Plötzlich bemerke ich eine Bewegung rechts von mir und zucke zusammen: ein Hund läuft stumm, in ausgreifendem Galopp (kann man das bei Hunden sagen?) neben uns her. Normalerweise bellen die Hunde und verfolgen uns – der hier, oder besser: die Hündin hier, scheint sich einen riesigen Spass daraus zu machen, uns zu begleiten! Sie lässt nicht ab, wechselt hie und da auf den Asphalt oder auf die linke Strassenseite, sucht ein besseres Terrain, um mit uns Schritt zu halten. Fasziniert schaue ich ihr zu, wie ihre Vorläufe ausholen, ihr Körper sich athletisch streckt… 

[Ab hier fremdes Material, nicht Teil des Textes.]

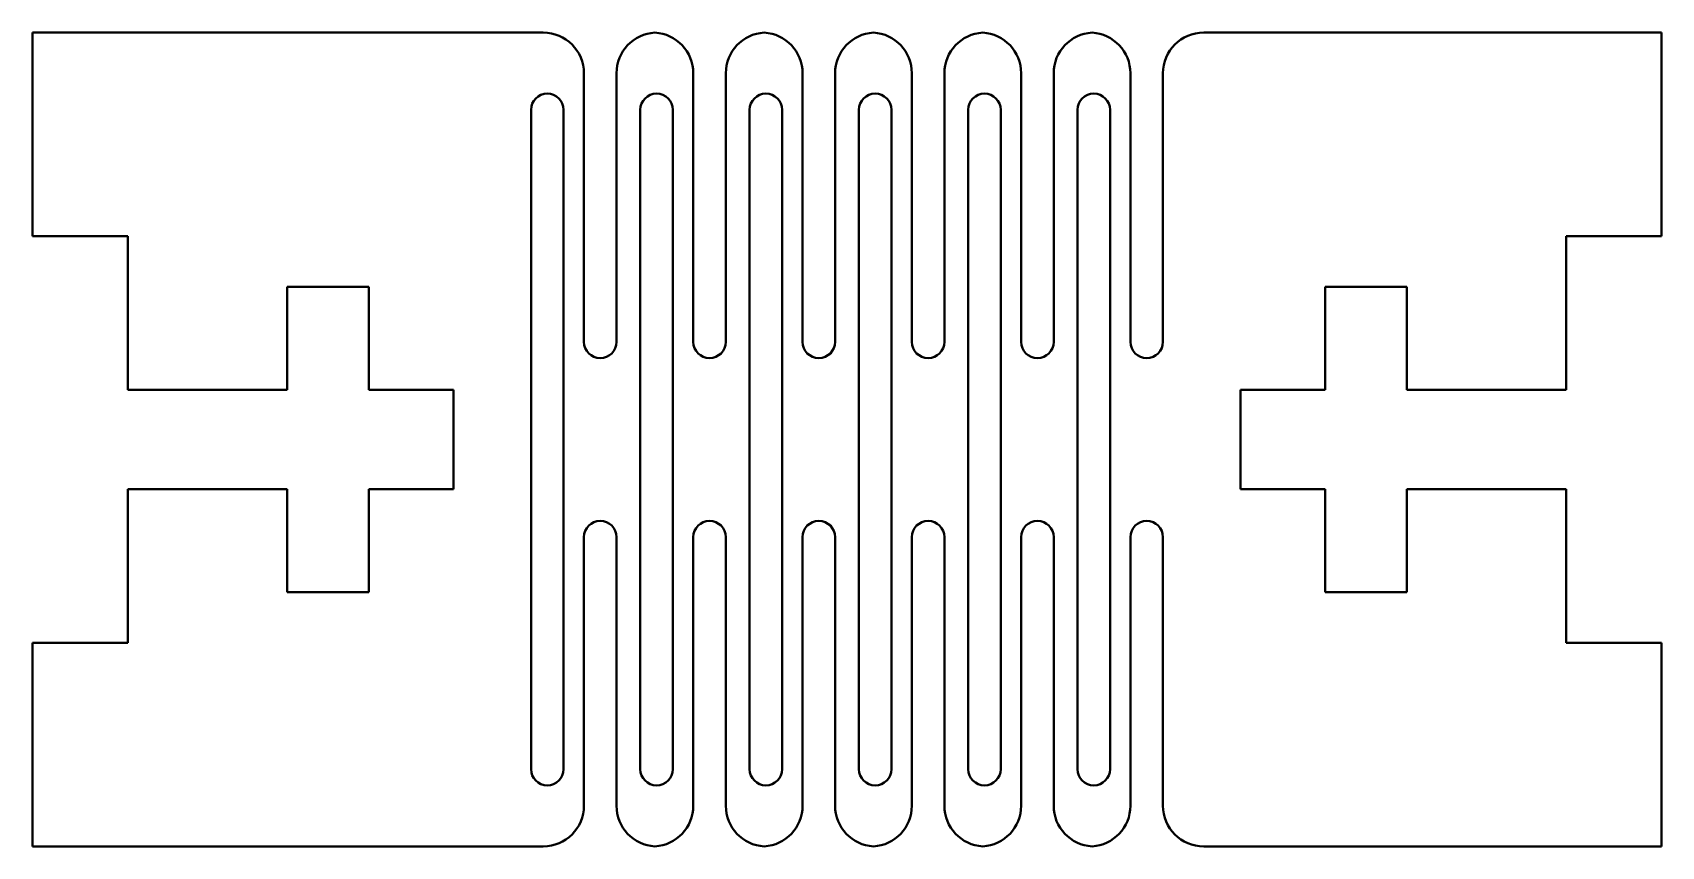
# Model space of a CAD drawing. Header units: inches. Extents: x -1 to 1, y -0.5 to 0.5.
import ezdxf

# ---------------------------------------------------------------- set-up
doc = ezdxf.new("R2010")
doc.units = ezdxf.units.IN
doc.header["$MEASUREMENT"] = 0
doc.layers.add('Visible', color=7, linetype='Continuous', lineweight=40)

msp = doc.modelspace()

# ---------------------------------------------------------------- linework, layer by layer
at = {"layer": 'Visible'}
for p, q in [((-1, 0.5), (-0.373, 0.5)), ((-1, 0.5), (-1, 0.25)), ((0.438, 0.5), (1, 0.5)), ((1, 0.5), (1, 0.25)), ((-0.323, 0.45), (-0.323, 0.12)), ((-0.283, 0.45), (-0.283, 0.12)), ((-0.1888, 0.45), (-0.1888, 0.12)), ((-0.1488, 0.45), (-0.1488, 0.12)), ((-0.0546, 0.45), (-0.0546, 0.12)), ((-0.0146, 0.45), (-0.0146, 0.12)), ((0.0796, 0.45), (0.0796, 0.12)), ((0.1196, 0.45), (0.1196, 0.12)), ((0.2138, 0.45), (0.2138, 0.12)), ((0.2538, 0.45), (0.2538, 0.12)), ((0.348, 0.45), (0.348, 0.12)), ((0.388, 0.45), (0.388, 0.12)), ((-0.388, 0.405), (-0.388, -0.405)), ((-0.348, 0.405), (-0.348, -0.405)), ((-0.2538, 0.405), (-0.2538, -0.405)), ((-0.2138, 0.405), (-0.2138, -0.405)), ((-0.1196, 0.405), (-0.1196, -0.405)), ((-0.0796, 0.405), (-0.0796, -0.405)), ((0.0146, 0.405), (0.0146, -0.405)), ((0.0546, 0.405), (0.0546, -0.405)), ((0.1488, 0.405), (0.1488, -0.405)), ((0.1888, 0.405), (0.1888, -0.405)), ((0.283, 0.405), (0.283, -0.405)), ((0.323, 0.405), (0.323, -0.405)), ((-1, 0.25), (-0.883, 0.25)), ((-0.883, 0.061), (-0.883, 0.25)), ((0.883, 0.061), (0.883, 0.25)), ((1, 0.25), (0.883, 0.25)), ((-0.6872, 0.1875), (-0.6872, 0.061)), ((-0.6872, 0.1875), (-0.5872, 0.1875)), ((-0.5872, 0.1875), (-0.5872, 0.061)), ((0.5872, 0.1875), (0.5872, 0.061)), ((0.6872, 0.1875), (0.5872, 0.1875)), ((0.6872, 0.1875), (0.6872, 0.061)), ((-0.883, 0.061), (-0.6872, 0.061)), ((-0.5872, 0.061), (-0.483, 0.061)), ((-0.483, 0.061), (-0.483, -0.061)), ((0.483, 0.061), (0.483, -0.061)), ((0.5872, 0.061), (0.483, 0.061)), ((0.883, 0.061), (0.6872, 0.061)), ((-0.883, -0.061), (-0.6872, -0.061)), ((-0.883, -0.25), (-0.883, -0.061)), ((-0.6872, -0.061), (-0.6872, -0.1875)), ((-0.5872, -0.061), (-0.483, -0.061)), ((-0.5872, -0.061), (-0.5872, -0.1875)), ((0.5872, -0.061), (0.483, -0.061)), ((0.5872, -0.061), (0.5872, -0.1875)), ((0.883, -0.061), (0.6872, -0.061)), ((0.6872, -0.061), (0.6872, -0.1875)), ((0.883, -0.25), (0.883, -0.061)), ((-0.323, -0.45), (-0.323, -0.12)), ((-0.283, -0.45), (-0.283, -0.12)), ((-0.1888, -0.45), (-0.1888, -0.12)), ((-0.1488, -0.45), (-0.1488, -0.12)), ((-0.0546, -0.45), (-0.0546, -0.12)), ((-0.0146, -0.45), (-0.0146, -0.12)), ((0.0796, -0.45), (0.0796, -0.12)), ((0.1196, -0.45), (0.1196, -0.12)), ((0.2138, -0.45), (0.2138, -0.12)), ((0.2538, -0.45), (0.2538, -0.12)), ((0.348, -0.45), (0.348, -0.12)), ((0.388, -0.45), (0.388, -0.12)), ((-0.6872, -0.1875), (-0.5872, -0.1875)), ((0.6872, -0.1875), (0.5872, -0.1875)), ((-1, -0.25), (-0.883, -0.25)), ((-1, -0.25), (-1, -0.5)), ((1, -0.25), (0.883, -0.25)), ((1, -0.25), (1, -0.5)), ((0.438, -0.5), (1, -0.5)), ((-1, -0.5), (-0.373, -0.5))]:
    msp.add_line(p, q, dxfattribs=at)
for centre, radius, start, end in [((-0.373, 0.45), 0.05, 0, 90), ((0.438, 0.45), 0.05, 90, 180), ((-0.233, 0.45), 0.05, 93.325, 180), ((-0.2388, 0.45), 0.05, 0, 86.675), ((-0.0988, 0.45), 0.05, 93.325, 180), ((-0.1046, 0.45), 0.05, 0, 86.675), ((0.0354, 0.45), 0.05, 93.325, 180), ((0.0296, 0.45), 0.05, 0, 86.675), ((0.1696, 0.45), 0.05, 93.325, 180), ((0.1638, 0.45), 0.05, 0, 86.675), ((0.3038, 0.45), 0.05, 93.325, 180), ((0.298, 0.45), 0.05, 0, 86.675), ((-0.368, 0.405), 0.02, 0, 180), ((-0.2338, 0.405), 0.02, 0, 180), ((-0.0996, 0.405), 0.02, 0, 180), ((0.0346, 0.405), 0.02, 0, 180), ((0.1688, 0.405), 0.02, 0, 180), ((0.303, 0.405), 0.02, 0, 180), ((-0.303, 0.12), 0.02, 180, 0), ((-0.1688, 0.12), 0.02, 180, 0), ((-0.0346, 0.12), 0.02, 180, 0), ((0.0996, 0.12), 0.02, 180, 0), ((0.2338, 0.12), 0.02, 180, 0), ((0.368, 0.12), 0.02, 180, 0), ((-0.303, -0.12), 0.02, 0, 180), ((-0.1688, -0.12), 0.02, 0, 180), ((-0.0346, -0.12), 0.02, 0, 180), ((0.0996, -0.12), 0.02, 0, 180), ((0.2338, -0.12), 0.02, 0, 180), ((0.368, -0.12), 0.02, 0, 180), ((-0.368, -0.405), 0.02, 180, 0), ((-0.2338, -0.405), 0.02, 180, 0), ((-0.0996, -0.405), 0.02, 180, 0), ((0.0346, -0.405), 0.02, 180, 0), ((0.1688, -0.405), 0.02, 180, 0), ((0.303, -0.405), 0.02, 180, 0), ((-0.373, -0.45), 0.05, 270, 0), ((-0.233, -0.45), 0.05, 180, 266.675), ((-0.2388, -0.45), 0.05, 273.325, 0), ((-0.0988, -0.45), 0.05, 180, 266.675), ((-0.1046, -0.45), 0.05, 273.325, 0), ((0.0354, -0.45), 0.05, 180, 266.675), ((0.0296, -0.45), 0.05, 273.325, 0), ((0.1696, -0.45), 0.05, 180, 266.675), ((0.1638, -0.45), 0.05, 273.325, 0), ((0.3038, -0.45), 0.05, 180, 266.675), ((0.298, -0.45), 0.05, 273.325, 0), ((0.438, -0.45), 0.05, 180, 270)]:
    msp.add_arc(centre, radius, start, end, dxfattribs=at)

doc.saveas('drawing.dxf')
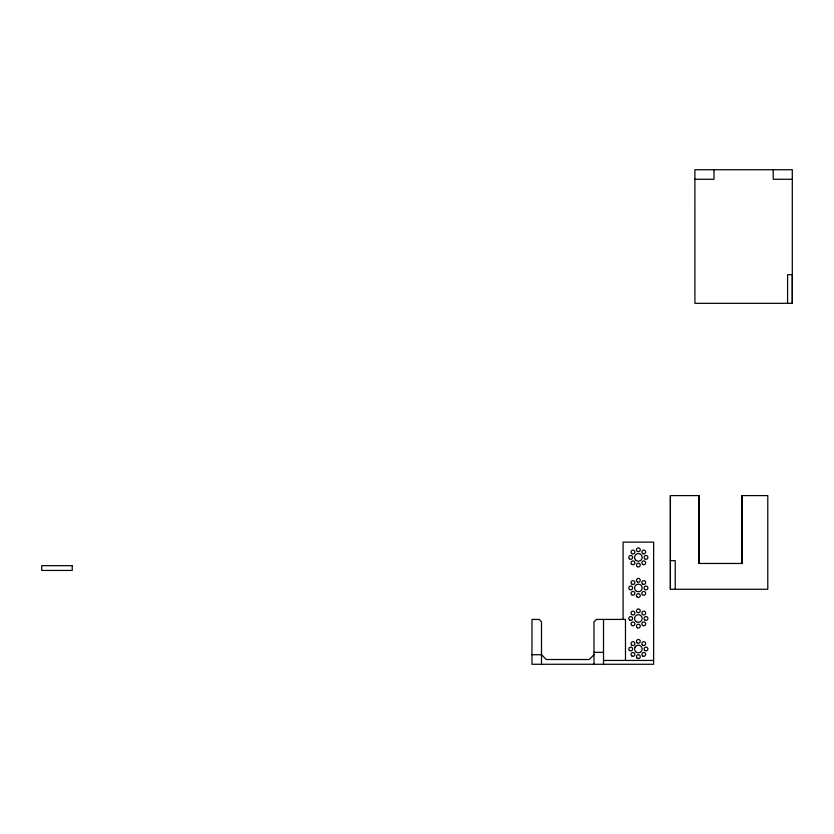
<?xml version="1.0" encoding="UTF-8"?>
<svg xmlns="http://www.w3.org/2000/svg" width="834" height="834" viewBox="0 0 834 834"><rect width="100%" height="100%" fill="white"/><g stroke="black" fill="none" stroke-linecap="round" stroke-linejoin="round"><path stroke-width="1.25" d="M670.39 589.273L670.39 495.604L699.038 495.594L699.038 563.461L741.968 563.461L741.968 495.594L767.791 495.594L767.791 589.273L670.39 589.273L670.39 495.604M699.038 563.461L699.038 495.604M741.968 563.461L741.968 495.604M792.3 303.315L792.3 169.729L694.899 169.729L694.91 303.315L792.3 303.315L792.3 274.688L787.588 274.688L787.588 303.315M635.049 647.101L635.654 646.308M593.985 654.732L589.221 659.506L546.28 659.506L541.506 654.732L531.967 654.732M694.899 179.268L713.987 179.268L713.987 169.729M792.3 179.268L773.212 179.268L773.212 169.729M670.39 560.646L675.227 560.646L675.227 589.273M593.985 652.344L603.524 652.344M603.524 660.455L653.627 660.455M625.479 660.455L625.479 619.422L596.373 619.422L593.985 621.81L593.985 664.271M623.092 619.422L623.092 542.131L653.627 542.131L653.627 664.271L531.967 664.271L531.967 619.422L539.118 619.422L541.506 621.81L541.506 664.271M603.524 619.422L603.524 664.271M72.235 565.671L41.7 565.671L41.7 570.446L72.235 570.446L72.235 565.671M642.409 594.684A1.908 1.908 0 0 0 645.599 593.829A1.908 1.908 0 0 0 643.264 591.494A1.908 1.908 0 0 0 642.409 594.684M642.806 584.196A1.908 1.908 0 0 0 645.662 582.539A1.908 1.908 0 0 0 642.806 580.891A1.908 1.908 0 0 0 642.806 584.196M637.405 597.227A1.908 1.908 0 0 0 640.262 595.57A1.908 1.908 0 0 0 637.405 593.923A1.908 1.908 0 0 0 637.405 597.227M629.378 650.353A1.908 1.908 0 0 0 632.568 649.498A1.908 1.908 0 0 0 630.233 647.163A1.908 1.908 0 0 0 629.378 650.353M631.609 644.953A1.908 1.908 0 0 0 634.799 644.098A1.908 1.908 0 0 0 632.464 641.763A1.908 1.908 0 0 0 631.609 644.953M631.609 625.219A1.908 1.908 0 0 0 634.799 624.364A1.908 1.908 0 0 0 632.464 622.028A1.908 1.908 0 0 0 631.609 625.219M642.409 644.953A1.908 1.908 0 0 0 645.599 644.098A1.908 1.908 0 0 0 643.264 641.763A1.908 1.908 0 0 0 642.409 644.953M642.806 564.451A1.908 1.908 0 0 0 645.662 562.804A1.908 1.908 0 0 0 642.806 561.146A1.908 1.908 0 0 0 642.806 564.451M645.036 620.121A1.908 1.908 0 0 0 647.903 618.474A1.908 1.908 0 0 0 645.036 616.816A1.908 1.908 0 0 0 645.036 620.121M637.405 551.42A1.908 1.908 0 0 0 640.262 549.773A1.908 1.908 0 0 0 637.405 548.115A1.908 1.908 0 0 0 637.405 551.42M629.774 589.586A1.908 1.908 0 0 0 632.631 587.939A1.908 1.908 0 0 0 629.774 586.281A1.908 1.908 0 0 0 629.774 589.586M636.446 591.243A3.816 3.816 0 0 0 642.17 587.939A3.816 3.816 0 0 0 636.446 584.634A3.816 3.816 0 0 0 636.446 591.243M635.654 651.708A3.816 3.816 0 0 0 642.044 649.999A3.816 3.816 0 0 0 637.374 645.318A3.816 3.816 0 0 0 635.654 651.708M642.806 656.056A1.908 1.908 0 0 0 645.662 654.409A1.908 1.908 0 0 0 642.806 652.751A1.908 1.908 0 0 0 642.806 656.056M644.64 558.749A1.908 1.908 0 0 0 647.83 557.894A1.908 1.908 0 0 0 645.495 555.559A1.908 1.908 0 0 0 644.64 558.749M636.446 621.778A3.816 3.816 0 0 0 642.17 618.474A3.816 3.816 0 0 0 636.446 615.169A3.816 3.816 0 0 0 636.446 621.778M644.64 650.353A1.908 1.908 0 0 0 647.83 649.498A1.908 1.908 0 0 0 645.495 647.163A1.908 1.908 0 0 0 644.64 650.353M637.405 627.762A1.908 1.908 0 0 0 640.262 626.105A1.908 1.908 0 0 0 637.405 624.457A1.908 1.908 0 0 0 637.405 627.762M632.005 656.056A1.908 1.908 0 0 0 634.872 654.409A1.908 1.908 0 0 0 632.005 652.751A1.908 1.908 0 0 0 632.005 656.056M637.405 581.955A1.908 1.908 0 0 0 640.262 580.308A1.908 1.908 0 0 0 637.405 578.65A1.908 1.908 0 0 0 637.405 581.955M631.609 614.429A1.908 1.908 0 0 0 634.799 613.563A1.908 1.908 0 0 0 632.464 611.228A1.908 1.908 0 0 0 631.609 614.429M637.009 642.722A1.908 1.908 0 0 0 640.199 641.867A1.908 1.908 0 0 0 637.864 639.532A1.908 1.908 0 0 0 637.009 642.722M645.036 589.586A1.908 1.908 0 0 0 647.903 587.939A1.908 1.908 0 0 0 645.036 586.281A1.908 1.908 0 0 0 645.036 589.586M637.405 566.693A1.908 1.908 0 0 0 640.262 565.035A1.908 1.908 0 0 0 637.405 563.388A1.908 1.908 0 0 0 637.405 566.693M635.654 560.104A3.816 3.816 0 0 0 642.044 558.394A3.816 3.816 0 0 0 637.374 553.713A3.816 3.816 0 0 0 635.654 560.104M631.609 594.684A1.908 1.908 0 0 0 634.799 593.829A1.908 1.908 0 0 0 632.464 591.494A1.908 1.908 0 0 0 631.609 594.684M642.806 553.661A1.908 1.908 0 0 0 645.662 552.004A1.908 1.908 0 0 0 642.806 550.357A1.908 1.908 0 0 0 642.806 553.661M629.774 620.121A1.908 1.908 0 0 0 632.631 618.474A1.908 1.908 0 0 0 629.774 616.816A1.908 1.908 0 0 0 629.774 620.121M632.005 584.196A1.908 1.908 0 0 0 634.872 582.539A1.908 1.908 0 0 0 632.005 580.891A1.908 1.908 0 0 0 632.005 584.196M642.806 625.521A1.908 1.908 0 0 0 645.662 623.874A1.908 1.908 0 0 0 642.806 622.216A1.908 1.908 0 0 0 642.806 625.521M637.405 612.49A1.908 1.908 0 0 0 640.262 610.842A1.908 1.908 0 0 0 637.405 609.185A1.908 1.908 0 0 0 637.405 612.49M632.005 553.661A1.908 1.908 0 0 0 634.872 552.004A1.908 1.908 0 0 0 632.005 550.357A1.908 1.908 0 0 0 632.005 553.661M629.378 558.749A1.908 1.908 0 0 0 632.568 557.894A1.908 1.908 0 0 0 630.233 555.559A1.908 1.908 0 0 0 629.378 558.749M631.609 564.149A1.908 1.908 0 0 0 634.799 563.294A1.908 1.908 0 0 0 632.464 560.959A1.908 1.908 0 0 0 631.609 564.149M637.009 657.995A1.908 1.908 0 0 0 640.199 657.129A1.908 1.908 0 0 0 637.864 654.794A1.908 1.908 0 0 0 637.009 657.995M642.409 614.429A1.908 1.908 0 0 0 645.599 613.563A1.908 1.908 0 0 0 643.264 611.228A1.908 1.908 0 0 0 642.409 614.429"/></g></svg>
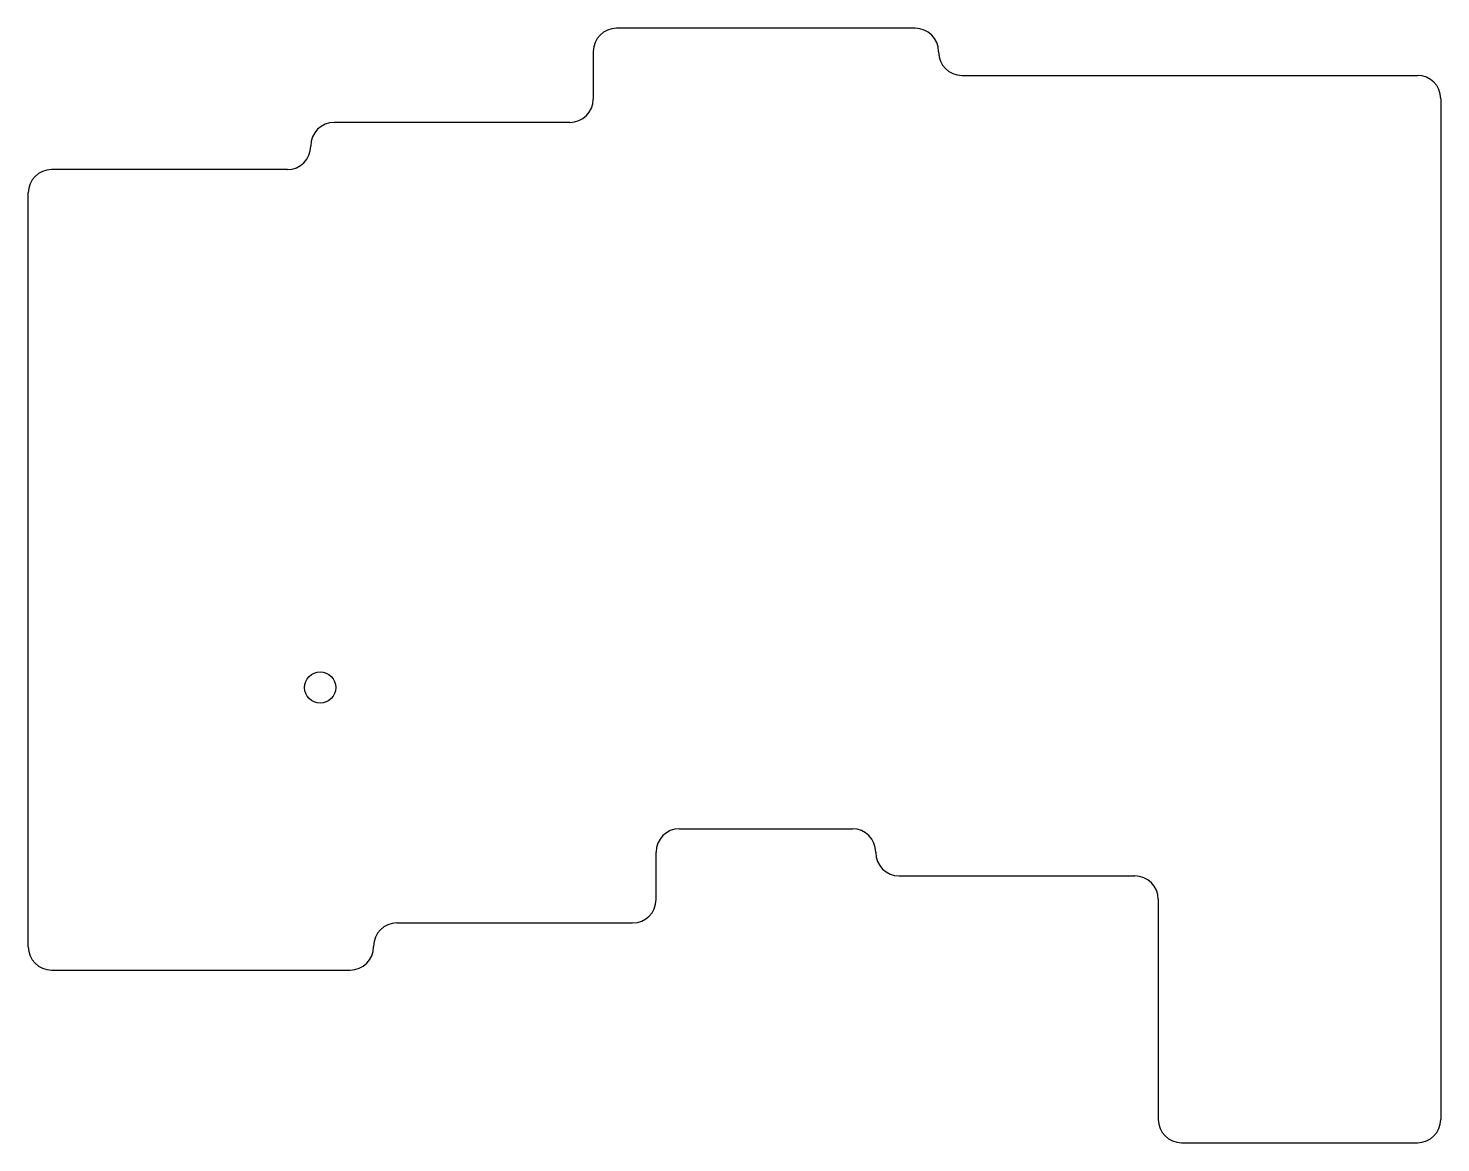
# Model space of a CAD drawing. Header units: millimetres. Extents: x -11 to 79, y -19.5 to 51.5.
import ezdxf

# ---------------------------------------------------------------- set-up
doc = ezdxf.new("R2010")
doc.units = ezdxf.units.MM

msp = doc.modelspace()

# ---------------------------------------------------------------- linework, layer by layer
for p, q in [((45.51, 51.5), (26.49, 51.5)), ((25, 50.01), (25, 46.99)), ((47, 49.99), (47, 50.01)), ((48.49, 48.5), (77.51, 48.5)), ((79, 47.01), (79, -18.01)), ((23.51, 45.5), (8.49, 45.5)), ((7, 44.01), (7, 43.99)), ((5.51, 42.5), (-9.51, 42.5)), ((-11, -7.01), (-11, 41.01)), ((30.49, 0.5), (41.51, 0.5)), ((29, -4.01), (29, -0.99)), ((43, -0.99), (43, -1.01)), ((44.49, -2.5), (59.51, -2.5)), ((61, -3.99), (61, -18.01)), ((12.49, -5.5), (27.51, -5.5)), ((11, -7.01), (11, -6.99)), ((-9.51, -8.5), (9.51, -8.5)), ((62.49, -19.5), (77.51, -19.5))]:
    msp.add_line(p, q)
msp.add_circle((7.6, 9.5), 1)
for centre, start, end in [((26.49, 50.01), 90, 180), ((45.51, 50.01), 0, 90), ((48.49, 49.99), 180, 270), ((77.51, 47.01), 0, 90), ((23.51, 46.99), 270, 0), ((8.49, 44.01), 90, 180), ((5.51, 43.99), 270, 0), ((-9.51, 41.01), 90, 180), ((30.49, -0.99), 90, 180), ((41.51, -0.99), 0, 90), ((44.49, -1.01), 180, 270), ((59.51, -3.99), 0, 90), ((27.51, -4.01), 270, 0), ((12.49, -6.99), 90, 180), ((-9.51, -7.01), 180, 270), ((9.51, -7.01), 270, 0), ((62.49, -18.01), 180, 270), ((77.51, -18.01), 270, 0)]:
    msp.add_arc(centre, 1.49, start, end)

doc.saveas('drawing.dxf')

Nach einigen Kilometern halten wir an, ich will ihr ein Biskuit geben und sie nimmt die Stärkung gerne an. Doch wir müssen weiter, es wird heisser und wir haben erst einen kleinen Teil der 135 km hinter uns gelassen. Wir treten wieder kräftig in die Pedale und die Hündin begleitet uns, doch sie fällt zusehends zurück. Sie schafft es nicht mehr, mit uns Schritt zu halten, obwohl sie lange nicht aufgibt. Immer wieder wende ich mich um, um zu sehen, ob sie noch da ist… irgendwann kann ich sie nicht mehr entdecken. Ich werde diese Begegnung wohl nie mehr vergessen.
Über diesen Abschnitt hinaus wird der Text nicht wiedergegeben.